» **WHAT TO WORK ON**:
Look through the data below and extract, unchanged, the lines from the one that contains "blk.add_mtext('\\A1; 150.000+/-0.0760', dxfattribs=at)" to the one that contains "(163.783, 453.199), dxfattribs=at)", both included.

» **DATA SUPPLIED**:
★ ★ ★

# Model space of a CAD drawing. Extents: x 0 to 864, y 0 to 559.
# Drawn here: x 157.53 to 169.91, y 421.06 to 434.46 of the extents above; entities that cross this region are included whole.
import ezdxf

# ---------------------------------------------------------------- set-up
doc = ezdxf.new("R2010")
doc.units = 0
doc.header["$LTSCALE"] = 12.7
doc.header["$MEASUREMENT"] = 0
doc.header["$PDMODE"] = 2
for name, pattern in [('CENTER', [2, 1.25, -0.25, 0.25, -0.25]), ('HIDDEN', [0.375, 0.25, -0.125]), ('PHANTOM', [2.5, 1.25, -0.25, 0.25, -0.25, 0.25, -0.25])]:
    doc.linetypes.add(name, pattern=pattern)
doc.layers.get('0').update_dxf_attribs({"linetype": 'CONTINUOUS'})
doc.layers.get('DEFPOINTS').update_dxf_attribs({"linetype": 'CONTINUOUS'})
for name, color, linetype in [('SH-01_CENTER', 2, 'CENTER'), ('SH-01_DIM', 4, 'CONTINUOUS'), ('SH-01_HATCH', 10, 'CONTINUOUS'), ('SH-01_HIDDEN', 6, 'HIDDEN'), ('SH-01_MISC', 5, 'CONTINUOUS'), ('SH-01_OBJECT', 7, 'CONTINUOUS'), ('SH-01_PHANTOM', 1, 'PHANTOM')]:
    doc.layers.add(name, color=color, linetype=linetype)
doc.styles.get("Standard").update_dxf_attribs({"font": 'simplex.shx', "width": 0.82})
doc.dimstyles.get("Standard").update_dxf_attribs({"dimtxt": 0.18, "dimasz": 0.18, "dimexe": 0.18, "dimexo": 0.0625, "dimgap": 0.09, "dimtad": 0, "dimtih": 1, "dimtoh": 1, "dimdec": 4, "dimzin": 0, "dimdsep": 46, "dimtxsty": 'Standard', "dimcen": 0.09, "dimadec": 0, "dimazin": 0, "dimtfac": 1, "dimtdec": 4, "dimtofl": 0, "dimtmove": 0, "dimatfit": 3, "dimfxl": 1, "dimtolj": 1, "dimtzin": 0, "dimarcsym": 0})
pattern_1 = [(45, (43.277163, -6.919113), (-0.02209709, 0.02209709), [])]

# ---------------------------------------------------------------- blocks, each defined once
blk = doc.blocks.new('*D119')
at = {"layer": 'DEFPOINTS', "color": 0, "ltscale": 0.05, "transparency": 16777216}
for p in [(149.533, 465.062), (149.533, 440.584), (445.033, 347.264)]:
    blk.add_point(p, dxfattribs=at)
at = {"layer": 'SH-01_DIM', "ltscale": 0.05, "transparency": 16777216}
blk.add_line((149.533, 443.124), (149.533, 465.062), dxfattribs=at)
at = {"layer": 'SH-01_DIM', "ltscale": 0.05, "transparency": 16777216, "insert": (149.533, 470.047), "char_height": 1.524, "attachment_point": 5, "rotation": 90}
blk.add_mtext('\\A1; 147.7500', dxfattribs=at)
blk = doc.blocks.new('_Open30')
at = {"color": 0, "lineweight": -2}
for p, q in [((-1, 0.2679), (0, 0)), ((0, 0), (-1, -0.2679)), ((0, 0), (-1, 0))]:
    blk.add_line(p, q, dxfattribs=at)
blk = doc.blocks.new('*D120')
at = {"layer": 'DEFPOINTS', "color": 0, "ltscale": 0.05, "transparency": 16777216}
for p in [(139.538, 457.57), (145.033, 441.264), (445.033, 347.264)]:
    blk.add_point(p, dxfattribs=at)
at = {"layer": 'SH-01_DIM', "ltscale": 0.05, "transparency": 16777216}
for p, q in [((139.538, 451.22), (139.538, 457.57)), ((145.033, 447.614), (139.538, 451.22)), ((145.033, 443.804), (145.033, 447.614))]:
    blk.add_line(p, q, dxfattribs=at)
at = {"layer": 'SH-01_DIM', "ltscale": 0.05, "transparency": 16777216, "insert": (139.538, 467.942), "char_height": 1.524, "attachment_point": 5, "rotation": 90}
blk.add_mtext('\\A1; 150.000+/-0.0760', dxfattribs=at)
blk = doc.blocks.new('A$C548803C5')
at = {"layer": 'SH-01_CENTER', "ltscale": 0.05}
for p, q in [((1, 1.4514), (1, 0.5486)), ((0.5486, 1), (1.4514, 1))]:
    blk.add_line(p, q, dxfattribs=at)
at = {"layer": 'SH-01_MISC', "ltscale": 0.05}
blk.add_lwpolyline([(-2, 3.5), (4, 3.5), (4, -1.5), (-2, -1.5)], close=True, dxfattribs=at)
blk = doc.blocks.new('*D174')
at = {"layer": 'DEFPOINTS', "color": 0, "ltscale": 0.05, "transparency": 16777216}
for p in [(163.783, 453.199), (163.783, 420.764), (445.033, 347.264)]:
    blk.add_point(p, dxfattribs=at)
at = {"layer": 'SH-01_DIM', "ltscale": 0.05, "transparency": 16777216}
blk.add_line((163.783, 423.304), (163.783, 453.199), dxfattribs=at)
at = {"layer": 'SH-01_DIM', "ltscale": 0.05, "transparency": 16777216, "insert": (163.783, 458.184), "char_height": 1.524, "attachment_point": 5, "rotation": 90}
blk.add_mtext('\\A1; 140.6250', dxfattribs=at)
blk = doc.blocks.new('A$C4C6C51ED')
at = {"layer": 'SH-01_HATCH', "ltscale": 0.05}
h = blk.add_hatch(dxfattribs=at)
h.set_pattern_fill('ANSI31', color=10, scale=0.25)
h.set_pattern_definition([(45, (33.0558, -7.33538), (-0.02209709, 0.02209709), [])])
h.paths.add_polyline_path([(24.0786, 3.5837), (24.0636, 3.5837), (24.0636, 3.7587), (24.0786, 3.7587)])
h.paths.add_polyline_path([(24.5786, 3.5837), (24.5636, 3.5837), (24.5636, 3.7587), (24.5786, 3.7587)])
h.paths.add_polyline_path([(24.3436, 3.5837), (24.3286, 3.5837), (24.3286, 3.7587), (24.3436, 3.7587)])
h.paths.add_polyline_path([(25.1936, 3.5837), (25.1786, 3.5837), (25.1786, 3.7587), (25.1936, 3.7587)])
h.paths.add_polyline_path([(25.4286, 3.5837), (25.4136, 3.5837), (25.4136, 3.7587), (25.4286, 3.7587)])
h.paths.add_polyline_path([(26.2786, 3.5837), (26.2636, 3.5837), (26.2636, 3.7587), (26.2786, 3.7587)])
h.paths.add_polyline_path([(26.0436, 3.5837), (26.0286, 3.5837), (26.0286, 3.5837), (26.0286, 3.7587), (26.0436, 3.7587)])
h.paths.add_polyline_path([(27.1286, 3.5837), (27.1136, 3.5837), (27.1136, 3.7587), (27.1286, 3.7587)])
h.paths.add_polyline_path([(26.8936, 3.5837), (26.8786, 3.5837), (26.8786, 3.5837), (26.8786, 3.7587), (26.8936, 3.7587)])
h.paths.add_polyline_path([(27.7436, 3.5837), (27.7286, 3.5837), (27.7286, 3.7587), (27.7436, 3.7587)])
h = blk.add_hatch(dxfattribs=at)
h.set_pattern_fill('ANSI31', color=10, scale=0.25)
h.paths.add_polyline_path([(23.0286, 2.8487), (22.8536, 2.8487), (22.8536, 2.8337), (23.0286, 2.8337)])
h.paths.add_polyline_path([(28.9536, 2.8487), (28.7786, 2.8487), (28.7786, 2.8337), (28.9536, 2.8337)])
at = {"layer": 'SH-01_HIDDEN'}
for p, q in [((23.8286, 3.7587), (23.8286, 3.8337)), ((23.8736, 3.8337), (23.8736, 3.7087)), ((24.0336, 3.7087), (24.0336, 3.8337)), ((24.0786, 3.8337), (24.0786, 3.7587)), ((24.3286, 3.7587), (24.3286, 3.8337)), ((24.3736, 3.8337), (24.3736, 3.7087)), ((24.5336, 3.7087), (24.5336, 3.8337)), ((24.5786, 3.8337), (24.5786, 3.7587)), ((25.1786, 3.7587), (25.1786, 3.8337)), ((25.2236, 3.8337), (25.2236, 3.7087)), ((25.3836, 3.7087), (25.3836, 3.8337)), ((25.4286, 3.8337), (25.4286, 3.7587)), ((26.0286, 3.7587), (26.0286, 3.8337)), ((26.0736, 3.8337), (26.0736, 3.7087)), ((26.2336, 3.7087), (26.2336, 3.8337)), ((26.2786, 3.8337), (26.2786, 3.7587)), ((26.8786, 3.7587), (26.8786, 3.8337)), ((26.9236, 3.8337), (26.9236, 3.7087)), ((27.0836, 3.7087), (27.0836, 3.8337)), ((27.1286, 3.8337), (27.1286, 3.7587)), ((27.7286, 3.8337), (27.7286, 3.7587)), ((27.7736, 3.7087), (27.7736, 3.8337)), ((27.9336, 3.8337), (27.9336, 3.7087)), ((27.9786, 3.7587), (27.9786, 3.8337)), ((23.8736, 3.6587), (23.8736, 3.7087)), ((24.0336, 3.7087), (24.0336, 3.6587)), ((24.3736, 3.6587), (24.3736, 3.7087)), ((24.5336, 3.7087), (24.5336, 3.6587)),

★ ★ ★

» **ANSWER BELOW**:
blk.add_mtext('\\A1; 150.000+/-0.0760', dxfattribs=at)
blk = doc.blocks.new('A$C548803C5')
at = {"layer": 'SH-01_CENTER', "ltscale": 0.05}
for p, q in [((1, 1.4514), (1, 0.5486)), ((0.5486, 1), (1.4514, 1))]:
    blk.add_line(p, q, dxfattribs=at)
at = {"layer": 'SH-01_MISC', "ltscale": 0.05}
blk.add_lwpolyline([(-2, 3.5), (4, 3.5), (4, -1.5), (-2, -1.5)], close=True, dxfattribs=at)
blk = doc.blocks.new('*D174')
at = {"layer": 'DEFPOINTS', "color": 0, "ltscale": 0.05, "transparency": 16777216}
for p in [(163.783, 453.199), (163.783, 420.764), (445.033, 347.264)]:
    blk.add_point(p, dxfattribs=at)
at = {"layer": 'SH-01_DIM', "ltscale": 0.05, "transparency": 16777216}
blk.add_line((163.783, 423.304), (163.783, 453.199), dxfattribs=at)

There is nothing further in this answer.